Terrific. Any final questions from the live audience?
Thanks. Melissa Wedel, JP Morgan. On slide 47, within the risk management section, there is a chart in the bottom right that shows 97% LTV concentration. It's a lot lower than the rest of industry, starting at the beginning of the year, but that's expanded a lot within your portfolio and is now approaching sort of rest of industry levels. Just wondering if you could extrapolate on that, what's driving it, and what is the optimal level?
Yeah, so it's active decisioning, right? And Rob referred to it. We made a conscious decision towards you know the latter part of last year. We saw affordability creating temporary strain for borrowers and putting temporary pressure on house prices. And, you know, equity matters a great deal for expected credit performance. So borrowers with thinner down payments were expected to see the equity erode in a declining house price environment. And so we made a conscious decision that for what we perceived as increased risk, we needed increased rate, and so we increased premium rates on 97 LTV risk accordingly. What we found then is two things: the rest of the market, we sense, has generally taken a similar view and increased pricing as well, perhaps slower than we did, which is why you see a dip.
And at the same time that the rest of the market has increased pricing, we've obviously seen resiliency now establish itself in house price paths. And so we're comfortable taking an increased amount of 97 LTV risk than we had been a year ago. It's not necessarily higher than where we are in our portfolio, but higher than where we were a year ago for those two reasons, right? We've seen resiliency in house prices, and we're getting paid more for the risks that we still perceive on the horizon there.

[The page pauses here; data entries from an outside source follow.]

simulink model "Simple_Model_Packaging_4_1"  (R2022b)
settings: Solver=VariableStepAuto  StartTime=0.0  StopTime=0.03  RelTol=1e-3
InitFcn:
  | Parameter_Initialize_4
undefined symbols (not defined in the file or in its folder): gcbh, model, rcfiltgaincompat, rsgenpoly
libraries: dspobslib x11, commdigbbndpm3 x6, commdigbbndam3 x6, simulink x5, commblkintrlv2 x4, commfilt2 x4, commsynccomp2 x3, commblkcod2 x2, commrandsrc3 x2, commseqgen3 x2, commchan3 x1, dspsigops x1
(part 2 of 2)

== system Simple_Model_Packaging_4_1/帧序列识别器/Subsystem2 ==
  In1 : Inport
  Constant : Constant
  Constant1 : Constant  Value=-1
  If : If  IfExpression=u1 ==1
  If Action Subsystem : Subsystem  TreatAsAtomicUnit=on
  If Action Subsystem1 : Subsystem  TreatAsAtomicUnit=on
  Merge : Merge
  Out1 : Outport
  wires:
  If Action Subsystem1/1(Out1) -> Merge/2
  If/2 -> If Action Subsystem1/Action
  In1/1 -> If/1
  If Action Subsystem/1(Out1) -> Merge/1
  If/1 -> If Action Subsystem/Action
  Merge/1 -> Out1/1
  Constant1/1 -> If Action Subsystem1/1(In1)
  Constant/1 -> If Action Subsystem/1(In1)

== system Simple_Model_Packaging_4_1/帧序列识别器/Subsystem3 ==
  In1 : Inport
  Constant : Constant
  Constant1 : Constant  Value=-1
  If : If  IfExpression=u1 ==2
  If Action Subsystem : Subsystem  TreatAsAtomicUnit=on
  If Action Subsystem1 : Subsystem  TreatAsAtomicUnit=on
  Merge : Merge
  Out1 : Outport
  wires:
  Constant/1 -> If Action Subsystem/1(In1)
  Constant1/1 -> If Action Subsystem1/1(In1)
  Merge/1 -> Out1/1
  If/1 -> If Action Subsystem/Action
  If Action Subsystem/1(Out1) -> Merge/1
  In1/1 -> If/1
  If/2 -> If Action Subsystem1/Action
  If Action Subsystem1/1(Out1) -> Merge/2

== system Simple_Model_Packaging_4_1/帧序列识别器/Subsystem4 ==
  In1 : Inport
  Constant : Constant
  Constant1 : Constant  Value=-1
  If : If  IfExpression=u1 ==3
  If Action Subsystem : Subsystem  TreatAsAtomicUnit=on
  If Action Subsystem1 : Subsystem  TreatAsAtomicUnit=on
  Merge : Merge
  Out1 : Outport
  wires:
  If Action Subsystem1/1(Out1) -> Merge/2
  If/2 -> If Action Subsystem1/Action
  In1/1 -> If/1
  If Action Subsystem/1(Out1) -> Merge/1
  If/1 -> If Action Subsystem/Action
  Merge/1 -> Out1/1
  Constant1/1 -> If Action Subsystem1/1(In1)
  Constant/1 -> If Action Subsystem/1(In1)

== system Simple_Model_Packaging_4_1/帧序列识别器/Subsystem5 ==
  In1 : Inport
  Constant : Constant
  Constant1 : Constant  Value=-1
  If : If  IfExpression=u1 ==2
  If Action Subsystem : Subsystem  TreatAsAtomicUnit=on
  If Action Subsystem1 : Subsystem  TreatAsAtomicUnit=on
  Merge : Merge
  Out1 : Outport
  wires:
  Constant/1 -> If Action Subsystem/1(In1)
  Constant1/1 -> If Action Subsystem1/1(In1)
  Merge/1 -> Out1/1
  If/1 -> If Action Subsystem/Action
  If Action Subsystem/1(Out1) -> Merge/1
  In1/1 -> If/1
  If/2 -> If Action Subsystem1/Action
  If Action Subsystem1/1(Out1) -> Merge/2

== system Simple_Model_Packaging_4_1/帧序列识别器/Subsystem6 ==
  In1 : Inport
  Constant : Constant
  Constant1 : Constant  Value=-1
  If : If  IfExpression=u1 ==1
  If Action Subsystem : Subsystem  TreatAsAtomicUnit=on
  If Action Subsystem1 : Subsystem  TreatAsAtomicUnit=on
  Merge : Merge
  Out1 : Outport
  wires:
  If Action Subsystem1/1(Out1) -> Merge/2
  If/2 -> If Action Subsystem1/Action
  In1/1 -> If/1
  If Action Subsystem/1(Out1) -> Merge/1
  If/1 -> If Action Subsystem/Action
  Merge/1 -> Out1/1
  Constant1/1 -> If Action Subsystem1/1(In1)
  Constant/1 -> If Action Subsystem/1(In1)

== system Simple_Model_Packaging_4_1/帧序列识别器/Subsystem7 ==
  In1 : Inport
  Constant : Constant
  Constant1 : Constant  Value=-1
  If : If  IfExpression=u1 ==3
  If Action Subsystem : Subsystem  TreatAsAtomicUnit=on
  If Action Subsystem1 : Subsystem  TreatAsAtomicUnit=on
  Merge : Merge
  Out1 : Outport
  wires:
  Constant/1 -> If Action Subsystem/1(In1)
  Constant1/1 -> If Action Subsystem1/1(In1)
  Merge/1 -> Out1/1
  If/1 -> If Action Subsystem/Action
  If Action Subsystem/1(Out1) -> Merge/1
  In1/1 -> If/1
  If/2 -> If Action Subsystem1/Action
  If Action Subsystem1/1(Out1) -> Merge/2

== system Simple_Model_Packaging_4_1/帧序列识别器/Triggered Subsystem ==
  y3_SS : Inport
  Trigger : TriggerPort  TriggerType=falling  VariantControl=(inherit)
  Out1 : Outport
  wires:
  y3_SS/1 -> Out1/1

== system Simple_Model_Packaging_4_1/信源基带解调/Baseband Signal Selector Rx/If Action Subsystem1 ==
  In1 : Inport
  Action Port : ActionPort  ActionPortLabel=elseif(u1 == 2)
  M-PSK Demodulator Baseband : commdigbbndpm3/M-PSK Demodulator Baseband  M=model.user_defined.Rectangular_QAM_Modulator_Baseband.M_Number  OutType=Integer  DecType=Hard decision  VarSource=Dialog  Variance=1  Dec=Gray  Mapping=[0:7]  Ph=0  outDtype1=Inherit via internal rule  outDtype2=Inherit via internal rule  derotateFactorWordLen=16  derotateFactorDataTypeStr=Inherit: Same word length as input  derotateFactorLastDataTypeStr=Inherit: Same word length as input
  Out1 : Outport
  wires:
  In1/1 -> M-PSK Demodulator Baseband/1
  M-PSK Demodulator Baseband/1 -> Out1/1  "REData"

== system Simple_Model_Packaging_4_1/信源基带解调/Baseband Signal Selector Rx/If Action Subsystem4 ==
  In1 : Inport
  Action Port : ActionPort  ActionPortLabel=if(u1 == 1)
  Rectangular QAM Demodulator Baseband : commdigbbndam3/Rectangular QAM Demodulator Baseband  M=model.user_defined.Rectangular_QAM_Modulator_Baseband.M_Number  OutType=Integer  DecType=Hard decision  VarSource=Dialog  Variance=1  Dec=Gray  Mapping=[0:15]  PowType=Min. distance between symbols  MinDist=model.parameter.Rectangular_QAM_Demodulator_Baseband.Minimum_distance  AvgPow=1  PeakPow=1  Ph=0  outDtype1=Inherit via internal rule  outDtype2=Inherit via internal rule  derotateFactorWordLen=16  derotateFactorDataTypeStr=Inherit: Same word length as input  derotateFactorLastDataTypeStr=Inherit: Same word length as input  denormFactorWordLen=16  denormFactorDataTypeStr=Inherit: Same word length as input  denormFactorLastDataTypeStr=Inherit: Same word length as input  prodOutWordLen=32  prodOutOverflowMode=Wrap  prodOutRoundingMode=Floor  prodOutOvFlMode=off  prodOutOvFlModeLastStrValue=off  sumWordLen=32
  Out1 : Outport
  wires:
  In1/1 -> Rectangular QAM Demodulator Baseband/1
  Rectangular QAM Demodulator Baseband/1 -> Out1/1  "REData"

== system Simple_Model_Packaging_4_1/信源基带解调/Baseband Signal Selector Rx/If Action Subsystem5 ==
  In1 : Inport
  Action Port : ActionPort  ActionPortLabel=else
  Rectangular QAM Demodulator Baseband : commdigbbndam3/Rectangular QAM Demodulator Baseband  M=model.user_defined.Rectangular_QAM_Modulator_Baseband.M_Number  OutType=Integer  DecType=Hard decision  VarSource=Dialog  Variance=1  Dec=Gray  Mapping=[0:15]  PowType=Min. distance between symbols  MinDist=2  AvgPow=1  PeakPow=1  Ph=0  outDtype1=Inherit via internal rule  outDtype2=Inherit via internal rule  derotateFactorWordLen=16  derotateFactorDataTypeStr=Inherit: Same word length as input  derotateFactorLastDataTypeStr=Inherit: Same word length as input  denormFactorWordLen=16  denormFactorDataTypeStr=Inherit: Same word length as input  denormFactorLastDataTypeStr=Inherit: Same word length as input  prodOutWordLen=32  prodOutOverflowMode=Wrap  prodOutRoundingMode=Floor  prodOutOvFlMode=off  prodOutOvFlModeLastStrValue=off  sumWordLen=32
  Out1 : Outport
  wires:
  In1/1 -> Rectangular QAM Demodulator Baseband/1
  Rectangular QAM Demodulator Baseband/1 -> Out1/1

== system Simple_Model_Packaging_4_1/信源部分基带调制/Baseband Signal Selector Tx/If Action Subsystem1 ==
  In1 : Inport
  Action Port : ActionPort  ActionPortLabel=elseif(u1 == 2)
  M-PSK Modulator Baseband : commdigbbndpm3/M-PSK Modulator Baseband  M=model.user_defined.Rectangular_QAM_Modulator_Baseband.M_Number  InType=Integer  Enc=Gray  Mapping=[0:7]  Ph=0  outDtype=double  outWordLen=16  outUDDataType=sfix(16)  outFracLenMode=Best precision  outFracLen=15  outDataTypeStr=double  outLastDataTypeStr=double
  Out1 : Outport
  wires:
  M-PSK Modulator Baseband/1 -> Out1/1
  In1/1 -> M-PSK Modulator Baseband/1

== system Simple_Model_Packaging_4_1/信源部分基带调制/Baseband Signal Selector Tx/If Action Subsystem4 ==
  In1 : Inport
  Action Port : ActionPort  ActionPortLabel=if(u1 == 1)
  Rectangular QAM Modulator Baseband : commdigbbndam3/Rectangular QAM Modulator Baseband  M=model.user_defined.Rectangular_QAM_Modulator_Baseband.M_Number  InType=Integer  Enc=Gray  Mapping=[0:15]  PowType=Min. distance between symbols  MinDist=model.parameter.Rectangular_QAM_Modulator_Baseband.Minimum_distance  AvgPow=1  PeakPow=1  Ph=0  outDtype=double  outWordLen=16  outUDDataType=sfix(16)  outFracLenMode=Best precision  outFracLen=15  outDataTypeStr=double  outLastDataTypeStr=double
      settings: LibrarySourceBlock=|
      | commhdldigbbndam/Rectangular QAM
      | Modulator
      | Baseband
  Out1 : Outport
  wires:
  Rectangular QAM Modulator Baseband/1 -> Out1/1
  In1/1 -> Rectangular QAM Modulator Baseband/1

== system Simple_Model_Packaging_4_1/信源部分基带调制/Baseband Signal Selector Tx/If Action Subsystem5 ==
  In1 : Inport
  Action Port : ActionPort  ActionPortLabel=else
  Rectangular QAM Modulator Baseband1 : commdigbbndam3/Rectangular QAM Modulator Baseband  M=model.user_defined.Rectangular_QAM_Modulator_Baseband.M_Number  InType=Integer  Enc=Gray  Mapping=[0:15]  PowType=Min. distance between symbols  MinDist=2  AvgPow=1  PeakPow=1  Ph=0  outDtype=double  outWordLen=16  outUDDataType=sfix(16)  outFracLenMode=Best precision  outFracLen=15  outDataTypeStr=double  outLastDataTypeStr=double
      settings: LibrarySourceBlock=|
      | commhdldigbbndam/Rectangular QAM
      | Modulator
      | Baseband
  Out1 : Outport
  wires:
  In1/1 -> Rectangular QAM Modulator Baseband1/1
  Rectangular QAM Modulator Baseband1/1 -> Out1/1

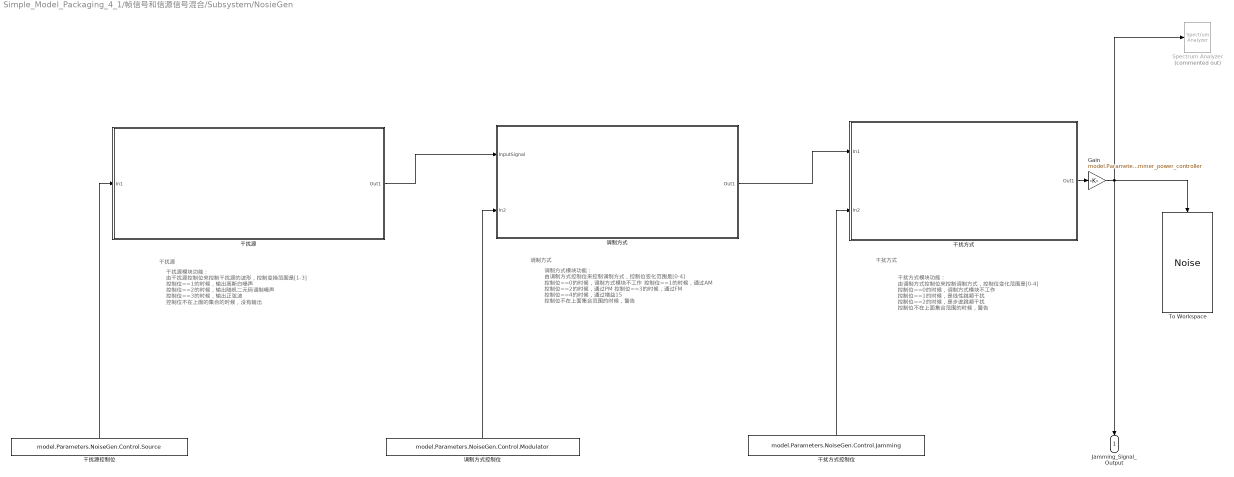
== system Simple_Model_Packaging_4_1/帧信号和信源信号混合/Subsystem/NosieGen ==
  note: 干扰方式模块功能：
      | 由调制方式控制位来控制调制方式，控制位变化范围是[0-4]
      | 控制位==0的时候，调制方式模块不工作
      | 控制位==1的时候，是线性跳频干扰
      | 控制位==2的时候，是步进跳频干扰
      | 控制位不在上面集合范围的时候，警告
  note: 干扰源模块功能：
      | 由干扰源控制位来控制干扰源的波形，控制变换范围是[1-3]
      | 控制位==1的时候，输出高斯白噪声
      | 控制位==2的时候，输出随机二元码调制噪声
      | 控制位==3的时候，输出正弦波
      | 控制位不在上面的集合的时候，没有输出
  note: 调制方式模块功能：
      | 由调制方式控制位来控制调制方式，控制位变化范围是[0-4]
      | 控制位==0的时候，调制方式模块不工作
      | 控制位==1的时候，通过AM
      | 控制位==2的时候，通过PM
      | 控制位==3的时候，通过FM
      | 控制位==4的时候，通过增益15
      | 控制位不在上面集合范围的时候，警告
  note: 干扰方式
  note: 干扰源
  note: 调制方式
  Gain : Gain  Gain=model.Parameters.jammer_power_controller
  Spectrum Analyzer : SpectrumAnalyzer  Commented=on
  To Workspace : ToWorkspace  VariableName=Noise  SaveFormat=Timeseries  SampleTime=-1
  干扰方式 : Subsystem
  干扰方式控制位 : Constant  Value=model.Parameters.NoiseGen.Control.Jamming  SampleTime=Inf
  干扰源 : Subsystem
  干扰源控制位 : Constant  Value=model.Parameters.NoiseGen.Control.Source  SampleTime=Inf
  调制方式 : Subsystem
  调制方式控制位 : Constant  Value=model.Parameters.NoiseGen.Control.Modulator  SampleTime=Inf
  Jamming_Signal_Output : Outport
  wires:
  干扰方式/1(Out1) -> Gain/1
  调制方式/1(Out1) -> 干扰方式/1(In1)
  干扰源/1(Out1) -> 调制方式/1(InputSignal)
  干扰方式控制位/1 -> 干扰方式/2(In2)
  干扰源控制位/1 -> 干扰源/1(In1)
  调制方式控制位/1 -> 调制方式/2(In2)
  Gain/1 -> To Workspace/1, Jamming_Signal_Output/1, Spectrum Analyzer/1

== system Simple_Model_Packaging_4_1/帧序列识别器/Subsystem/If Action Subsystem ==
  In1 : Inport
  Action Port : ActionPort  ActionPortLabel=if(u1 ==0)
  Out1 : Outport
  wires:
  In1/1 -> Out1/1

== system Simple_Model_Packaging_4_1/帧序列识别器/Subsystem/If Action Subsystem1 ==
  In1 : Inport
  Action Port : ActionPort  ActionPortLabel=else
  Out1 : Outport
  wires:
  In1/1 -> Out1/1

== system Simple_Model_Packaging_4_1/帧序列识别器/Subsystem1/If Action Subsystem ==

Other questions? Seeing none and,
Okay, no more questions.
We're clear online.
Thank you.
Yeah.
So thanks to all of you who joined us here live today, as well as those of you who joined online. We really appreciate the opportunity to share our story with you. As you can tell, there's a high degree of enthusiasm and excitement among the team, and we enjoy these opportunities, and we look forward to many more opportunities to share our progress with you. Thanks for coming.